Oh, I've not seen the explicit Python 2.7 and Python 3.7 dependencies: https://github.com/radxa/apt/blob/15efb9f/buster-stable/dists/buster/main/binary-arm64/Packages#L989

Hmm, I wonder whether/why Python 2 AND Python 3 are required, it works with both individually and does not require both. So the dependency could be python3.x OR python2.y to not force admins to have a Python version installed they do not use. But it makes sense that it depends on specific Python subversions since it's installed into respective directories. Can you try to copy the files into the Python 3.9 dir and test whether it then starts?

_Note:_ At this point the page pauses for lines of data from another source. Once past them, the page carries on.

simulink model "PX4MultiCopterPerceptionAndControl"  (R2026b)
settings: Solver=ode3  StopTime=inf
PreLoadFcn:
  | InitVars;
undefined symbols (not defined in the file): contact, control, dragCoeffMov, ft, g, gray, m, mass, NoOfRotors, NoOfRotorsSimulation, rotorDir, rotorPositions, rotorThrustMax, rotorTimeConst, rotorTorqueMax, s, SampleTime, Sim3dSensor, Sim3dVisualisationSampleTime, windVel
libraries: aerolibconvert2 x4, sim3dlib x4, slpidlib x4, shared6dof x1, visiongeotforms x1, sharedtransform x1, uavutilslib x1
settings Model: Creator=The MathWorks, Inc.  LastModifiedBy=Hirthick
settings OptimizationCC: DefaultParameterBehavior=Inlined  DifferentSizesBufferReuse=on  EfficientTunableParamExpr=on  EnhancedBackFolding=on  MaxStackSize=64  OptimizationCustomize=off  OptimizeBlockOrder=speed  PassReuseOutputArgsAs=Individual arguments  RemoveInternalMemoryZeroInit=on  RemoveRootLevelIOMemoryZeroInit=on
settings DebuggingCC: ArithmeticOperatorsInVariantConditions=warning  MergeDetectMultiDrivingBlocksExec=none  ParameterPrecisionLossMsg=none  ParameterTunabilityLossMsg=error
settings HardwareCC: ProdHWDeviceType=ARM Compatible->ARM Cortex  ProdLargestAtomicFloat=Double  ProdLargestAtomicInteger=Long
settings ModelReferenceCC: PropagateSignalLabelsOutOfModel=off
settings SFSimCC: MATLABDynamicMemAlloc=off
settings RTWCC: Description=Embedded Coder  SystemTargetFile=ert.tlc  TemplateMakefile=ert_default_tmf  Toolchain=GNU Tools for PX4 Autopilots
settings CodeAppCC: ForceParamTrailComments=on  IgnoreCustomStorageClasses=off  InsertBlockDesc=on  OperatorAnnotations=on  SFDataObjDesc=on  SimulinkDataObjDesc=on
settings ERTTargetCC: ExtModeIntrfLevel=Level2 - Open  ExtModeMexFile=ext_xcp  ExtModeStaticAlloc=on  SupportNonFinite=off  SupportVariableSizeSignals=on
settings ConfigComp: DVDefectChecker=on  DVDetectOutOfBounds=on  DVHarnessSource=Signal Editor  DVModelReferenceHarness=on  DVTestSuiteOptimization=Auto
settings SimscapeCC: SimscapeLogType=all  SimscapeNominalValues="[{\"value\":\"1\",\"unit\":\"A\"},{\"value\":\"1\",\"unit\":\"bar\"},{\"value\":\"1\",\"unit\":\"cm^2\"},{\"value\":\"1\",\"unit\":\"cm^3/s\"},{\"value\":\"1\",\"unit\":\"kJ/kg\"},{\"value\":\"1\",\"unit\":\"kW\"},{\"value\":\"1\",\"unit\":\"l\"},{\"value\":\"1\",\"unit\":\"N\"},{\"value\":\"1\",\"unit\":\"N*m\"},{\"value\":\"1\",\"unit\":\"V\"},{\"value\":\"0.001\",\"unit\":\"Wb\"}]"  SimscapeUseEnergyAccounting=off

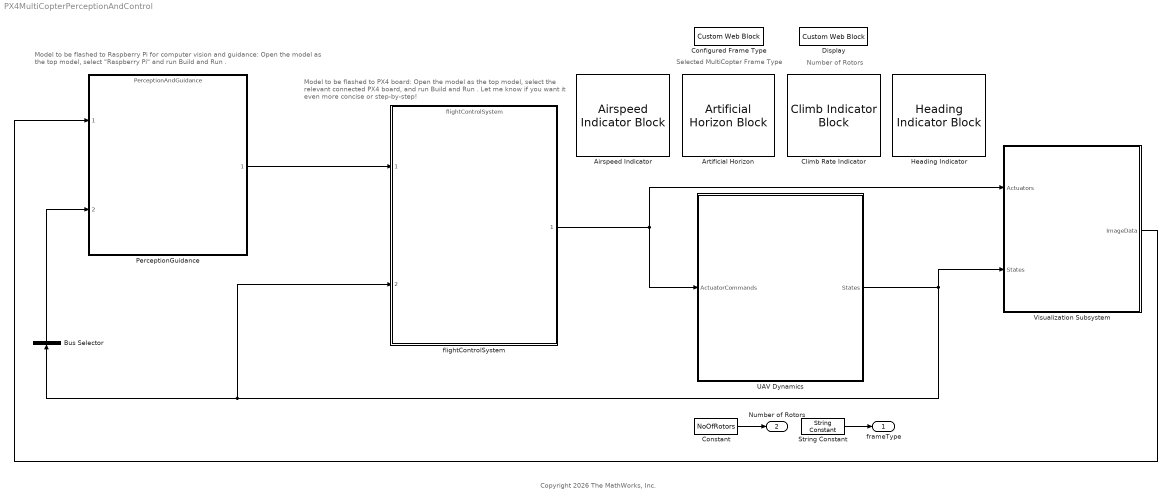
== system PX4MultiCopterPerceptionAndControl ==
  note: Selected MultiCopter Frame Type
  note: Number of Rotors
  note: Model to be flashed to Raspberry Pi for computer vision and guidance:
      | Open the model as the top model, select "Raspberry Pi" and run Build and Run .
  note: Model to be flashed to PX4 board:
      | Open the model as the top model, select the relevant connected PX4 board, and run Build and Run .
      | Let me know if you want it even more concise or step-by-step!
  note: Copyright 2026 The MathWorks, Inc.
  Airspeed Indicator : AirspeedIndicatorBlock  LabelPosition=Hide
  Artificial Horizon : ArtificialHorizonBlock  LabelPosition=Hide
  Bus Selector : BusSelector  OutputSignals=X,Y,Z,yaw  OutputAsBus=on
  Climb Rate Indicator : ClimbIndicatorBlock  LabelPosition=Hide
  "Configured Frame Type " : CustomWebBlock  LabelPosition=Hide  ShowInitialText=on  Configuration="{\"components\":[{\"name\":\"DisplayComponent\",\"settings\":{\"alignment\":\"center\",\"bold\":false,\"font\":\"Ubuntu\",\"fontColor\":[255,255,200],\"fontSize\":\"14\",\"format\":\"shortEng\",\"formatString\":\"%d\",\"gridColor\":[252,252,197],\"italic\":false,\"position\":[0,0,1,1],\"showGrid\":true,\"underline\":false}},{\"name\":\"BackgroundImageComponent\",\"settings\":{\"image\":{\"size\":[300,80],\"src\":\"data:image\\/svg+xml;base64,PHN2ZyBpZD0iZnJhbWUiIHhtbG5zPSJodHRwOi8vd3d3LnczLm9yZy8yMDAwL3N2ZyIgeG1sbnM6eGxpbms9Imh0dHA6Ly93d3cudzMub3JnLzE5OTkveGxpbmsiIHZpZXdCb3g9IjAgMCAzODAgMTAxIj48ZGVmcz48c3R5bGU+LmNscy0xe2ZpbGw6IzAwMmI0Mjt9LmNscy0ye2ZpbGw6IzQyNzA4Mjt9LmNscy0ze2ZpbGw6dXJsKCNyYWRpYWwtZ3JhZGllbnQpO308L3N0eWxlPjxyYWRpYWxHcmFkaWVudCBpZD0icmFkaWFsLWdyYWRpZW50IiBjeD0iMTkwIiBjeT0iNTAuNSIgcj0iMjY5LjIxIiBncmFkaWVudFVuaXRzPSJ1c2VyU3BhY2VPblVzZSI+PHN0b3Agb2Zmc2V0PSIwLjAxIiBzdG9wLWNvbG9yPSIjM2U0ZjU4Ii8+PHN0b3Agb2Zmc2V0PSIwLjA2IiBzdG9wLWNvbG9yPSIjNDQ1NzYxIi8+PHN0b3Agb2Zmc2V0PSIwLjE1IiBzdG9wLWNvbG9yPSIjNTU2YTc2Ii8+PHN0b3Agb2Zmc2V0PSIwLjI1IiBzdG9wLWNvbG9yPSIjNmQ4ODk1Ii8+PHN0b3Agb2Zmc2V0PSIwLjM4IiBzdG9wLWNvbG9yPSIjOGZiMmMzIi8+PHN0b3Agb2Zmc2V0PSIwLjUyIiBzdG9wLWNvbG9yPSIjYjZlNGZhIi8+PHN0b3Agb2Zmc2V0PSIxIiBzdG9wLWNvbG9yPSIjMTU0NjU3Ii8+PC9yYWRpYWxHcmFkaWVudD48L2RlZnM+PGcgaWQ9IkxheWVyXzIiIGRhdGEtbmFtZT0iTGF5ZXIgMiI+PGcgaWQ9IkxheWVyXzEtMiIgZGF0YS1uYW1lPSJMYXllciAxLTIiPjxyZWN0IGlkPSJyZWN0MTAzNiIgY2xhc3M9ImNscy0xIiB4PSIxMSIgeT0iMTEiIHdpZHRoPSIzNTgiIGhlaWdodD0iNzkiLz48cGF0aCBpZD0icGF0aDEwMzgiIGNsYXNzPSJjbHMtMiIgZD0iTTgsOFY5M0gzNzJWOFpNMzY5LDkwSDExVjExSDM2OVoiLz48cGF0aCBpZD0icGF0aDEwNDAiIGNsYXNzPSJjbHMtMyIgZD0iTTAsMFYxMDFIMzgwVjBaTTM3Miw5M0g4VjhIMzcyWiIvPjwvZz48L2c+PC9zdmc+\",\"srcOrientation\":\"Right\"},\"position\":[0,0,1,1],\"scaleMode\":\"0\"}},{\"name\":\"ForegroundImageComponent\",\"settings\":{\"angle\":0,\"image\":{\"size\":[0,0],\"src\":\"default\"},\"isForeground\":1,\"position\":[0,0,1,1],\"scaleMode\":\"0\"}}],\"derived\":{\"blockParameters\":{\"alignment\":\"center\",\"fixedAspectRatio\":\"on\",\"format\":\"shortEng\",\"formatString\":\"%d\",\"gridColor\":[252,252,197],\"showGrid\":true}},\"settings\":{\"BindingType\":\"signal\",\"aspectRatio\":1.032258064516129,\"backgroundColor\":[0,0,0,\"1\"],\"backgroundOffset\":0.14,\"backgroundOpacity\":1,\"fixedAspectRatio\":\"on\",\"showBackgroundColor\":false,\"value\":0,\"version\":\"R2026b\"},\"type\":\"Display\"}"  CustomBackgroundColor="{\"color\":[0.8509803921568627,0.8509803921568627,0.8509803921568627],\"show\":false}"
  Constant : Constant  Value=NoOfRotors  SampleTime=-1
  Display : CustomWebBlock  LabelPosition=Hide  ShowInitialText=on  Configuration="{\"components\":[{\"name\":\"DisplayComponent\",\"settings\":{\"alignment\":\"center\",\"bold\":false,\"font\":\"DSEG7 Classic\",\"fontColor\":[255,255,200],\"fontSize\":\"14\",\"format\":\"short\",\"formatString\":\"%d\",\"gridColor\":[252,252,197],\"italic\":false,\"position\":[0,0,1,1],\"showGrid\":true,\"underline\":false}},{\"name\":\"BackgroundImageComponent\",\"settings\":{\"image\":{\"size\":[300,80],\"src\":\"data:image\\/svg+xml;base64,PHN2ZyBpZD0iZnJhbWUiIHhtbG5zPSJodHRwOi8vd3d3LnczLm9yZy8yMDAwL3N2ZyIgeG1sbnM6eGxpbms9Imh0dHA6Ly93d3cudzMub3JnLzE5OTkveGxpbmsiIHZpZXdCb3g9IjAgMCAzODAgMTAxIj48ZGVmcz48c3R5bGU+LmNscy0xe2ZpbGw6IzAwMmI0Mjt9LmNscy0ye2ZpbGw6IzQyNzA4Mjt9LmNscy0ze2ZpbGw6dXJsKCNyYWRpYWwtZ3JhZGllbnQpO308L3N0eWxlPjxyYWRpYWxHcmFkaWVudCBpZD0icmFkaWFsLWdyYWRpZW50IiBjeD0iMTkwIiBjeT0iNTAuNSIgcj0iMjY5LjIxIiBncmFkaWVudFVuaXRzPSJ1c2VyU3BhY2VPblVzZSI+PHN0b3Agb2Zmc2V0PSIwLjAxIiBzdG9wLWNvbG9yPSIjM2U0ZjU4Ii8+PHN0b3Agb2Zmc2V0PSIwLjA2IiBzdG9wLWNvbG9yPSIjNDQ1NzYxIi8+PHN0b3Agb2Zmc2V0PSIwLjE1IiBzdG9wLWNvbG9yPSIjNTU2YTc2Ii8+PHN0b3Agb2Zmc2V0PSIwLjI1IiBzdG9wLWNvbG9yPSIjNmQ4ODk1Ii8+PHN0b3Agb2Zmc2V0PSIwLjM4IiBzdG9wLWNvbG9yPSIjOGZiMmMzIi8+PHN0b3Agb2Zmc2V0PSIwLjUyIiBzdG9wLWNvbG9yPSIjYjZlNGZhIi8+PHN0b3Agb2Zmc2V0PSIxIiBzdG9wLWNvbG9yPSIjMTU0NjU3Ii8+PC9yYWRpYWxHcmFkaWVudD48L2RlZnM+PGcgaWQ9IkxheWVyXzIiIGRhdGEtbmFtZT0iTGF5ZXIgMiI+PGcgaWQ9IkxheWVyXzEtMiIgZGF0YS1uYW1lPSJMYXllciAxLTIiPjxyZWN0IGlkPSJyZWN0MTAzNiIgY2xhc3M9ImNscy0xIiB4PSIxMSIgeT0iMTEiIHdpZHRoPSIzNTgiIGhlaWdodD0iNzkiLz48cGF0aCBpZD0icGF0aDEwMzgiIGNsYXNzPSJjbHMtMiIgZD0iTTgsOFY5M0gzNzJWOFpNMzY5LDkwSDExVjExSDM2OVoiLz48cGF0aCBpZD0icGF0aDEwNDAiIGNsYXNzPSJjbHMtMyIgZD0iTTAsMFYxMDFIMzgwVjBaTTM3Miw5M0g4VjhIMzcyWiIvPjwvZz48L2c+PC9zdmc+\",\"srcOrientation\":\"Right\"},\"position\":[0,0,1,1],\"scaleMode\":\"0\"}},{\"name\":\"ForegroundImageComponent\",\"settings\":{\"angle\":0,\"image\":{\"size\":[0,0],\"src\":\"default\"},\"isForeground\":1,\"position\":[0,0,1,1],\"scaleMode\":\"0\"}}],\"derived\":{\"blockParameters\":{\"alignment\":\"center\",\"fixedAspectRatio\":\"on\",\"format\":\"short\",\"formatString\":\"%d\",\"gridColor\":[252,252,197],\"showGrid\":true}},\"settings\":{\"BindingType\":\"signal\",\"aspectRatio\":1.032258064516129,\"backgroundColor\":[0,0,0,\"1\"],\"backgroundOffset\":0.14,\"backgroundOpacity\":1,\"fixedAspectRatio\":\"on\",\"showBackgroundColor\":false,\"value\":0,\"version\":\"R2026b\"},\"type\":\"Display\"}"
  Heading Indicator : HeadingIndicatorBlock  LabelPosition=Hide
  PerceptionGuidance : ModelReference  ModelNameDialog=PerceptionAndGuidance.slx  SimulationMode=Normal  ModelReferenceVersion=7.101
  String Constant : StringConstant  String=frameType
  UAV Dynamics : Subsystem
  Visualization Subsystem : Subsystem
  flightControlSystem : ModelReference  ModelNameDialog=flightControlSystem.slx  SimulationMode=Normal  ModelReferenceVersion=11.62
  frameType : Outport
  Number of Rotors : Outport  Port=2
  wires:
  flightControlSystem/1 -> Visualization Subsystem/1(Actuators), UAV Dynamics/1(ActuatorCommands)
  String Constant/1 -> frameType/1
  Constant/1 -> Number of Rotors/1
  PerceptionGuidance/1 -> flightControlSystem/1
  UAV Dynamics/1(States) -> Bus Selector/1, flightControlSystem/2, Visualization Subsystem/2(States)
  Bus Selector/1 -> PerceptionGuidance/2
  Visualization Subsystem/1(ImageData) -> PerceptionGuidance/1

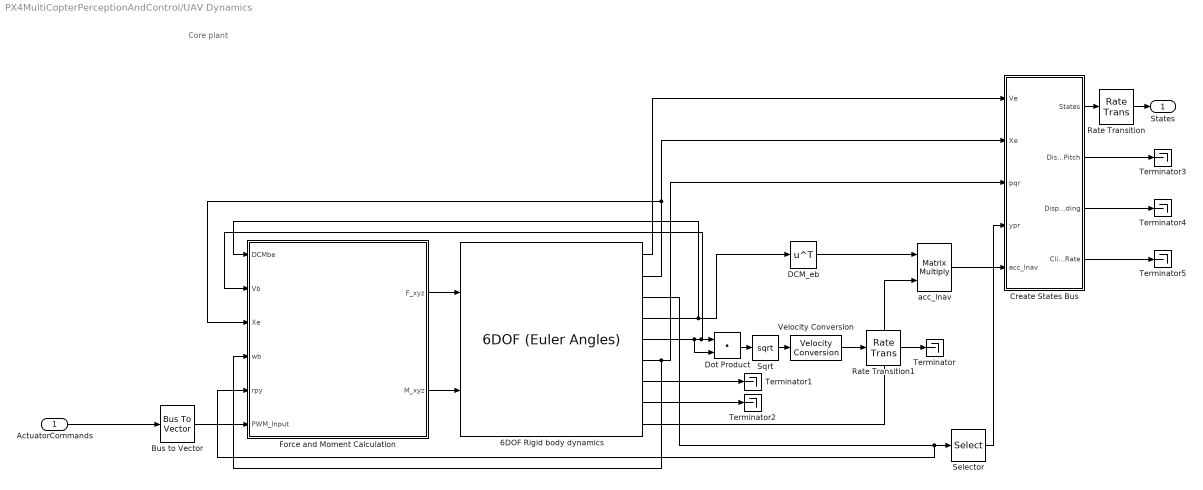
== system PX4MultiCopterPerceptionAndControl/UAV Dynamics ==
  note: Core plant
  ActuatorCommands : Inport  OutDataTypeStr=Bus: setPWMInput
  "6DOF Rigid body dynamics " : shared6dof/6DOF (Euler Angles)  units=Metric (MKS)  mtype=Fixed  rep=Euler Angles  xme_0=init.posNED  Vm_0=init.vb  eul_0=[0,0,0]  pm_0=init.angRates  mass_0=mass  mass_e=0.5  mass_f=2.0  inertia=inertia  inertia_e=eye(3)  inertia_f=2*eye(3)  k_quat=Vehicle.SixDOF.quatGain  vre_flag=on  abi_flag=on  aMode=aMode  xme_statename=''  Vm_statename=''  eul_statename=''  quat_statename=''  pm_statename=''  mass_statename=''
  Bus to Vector : BusToVector
  Create States Bus : Subsystem
  DCM_eb : Math  Operator=transpose
  Dot Product : DotProduct  OutDataTypeStr=Inherit: Inherit via internal rule
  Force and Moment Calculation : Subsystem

cp -a /usr/local/lib/python3.7/dist-packages/*mraa* /usr/local/lib/python3.9/dist-packages/
73 commented 2 years ago

Hi, I tried. It is linked against python3.7.

🠶  python fan.py
Traceback (most recent call last):
  File "/usr/local/lib/python3.9/dist-packages/mraa.py", line 17, in swig_import_helper
    return importlib.import_module(mname)
  File "/usr/lib/python3.9/importlib/__init__.py", line 127, in import_module
    return _bootstrap._gcd_import(name[level:], package, level)
  File "<frozen importlib._bootstrap>", line 1030, in _gcd_import
  File "<frozen importlib._bootstrap>", line 1007, in _find_and_load
  File "<frozen importlib._bootstrap>", line 986, in _find_and_load_unlocked
  File "<frozen importlib._bootstrap>", line 666, in _load_unlocked
  File "<frozen importlib._bootstrap>", line 565, in module_from_spec
  File "<frozen importlib._bootstrap_external>", line 1108, in create_module
  File "<frozen importlib._bootstrap>", line 228, in _call_with_frames_removed
ImportError: libpython3.7m.so.1.0: cannot open shared object file: No such file or directory

During handling of the above exception, another exception occurred:

Traceback (most recent call last):
  File "/usr/bin/rockpi-penta/fan.py", line 3, in <module>
    import mraa  # pylint: disable=import-error
  File "/usr/local/lib/python3.9/dist-packages/mraa.py", line 20, in <module>
    _mraa = swig_import_helper()
  File "/usr/local/lib/python3.9/dist-packages/mraa.py", line 19, in swig_import_helper
    return importlib.import_module('_mraa')
  File "/usr/lib/python3.9/importlib/__init__.py", line 127, in import_module
    return _bootstrap._gcd_import(name[level:], package, level)
ImportError: libpython3.7m.so.1.0: cannot open shared object file: No such file or directory

Is that package just a compiled version of this fork? Would compiling it myself work?

MichaIng commented 2 years ago

ImportError: libpython3.7m.so.1.0: cannot open shared object file: No such file or directory

It seems that indeed it internally looks for Python 3.7 explicitly. Compiling it yourself with python3-dev installed may work.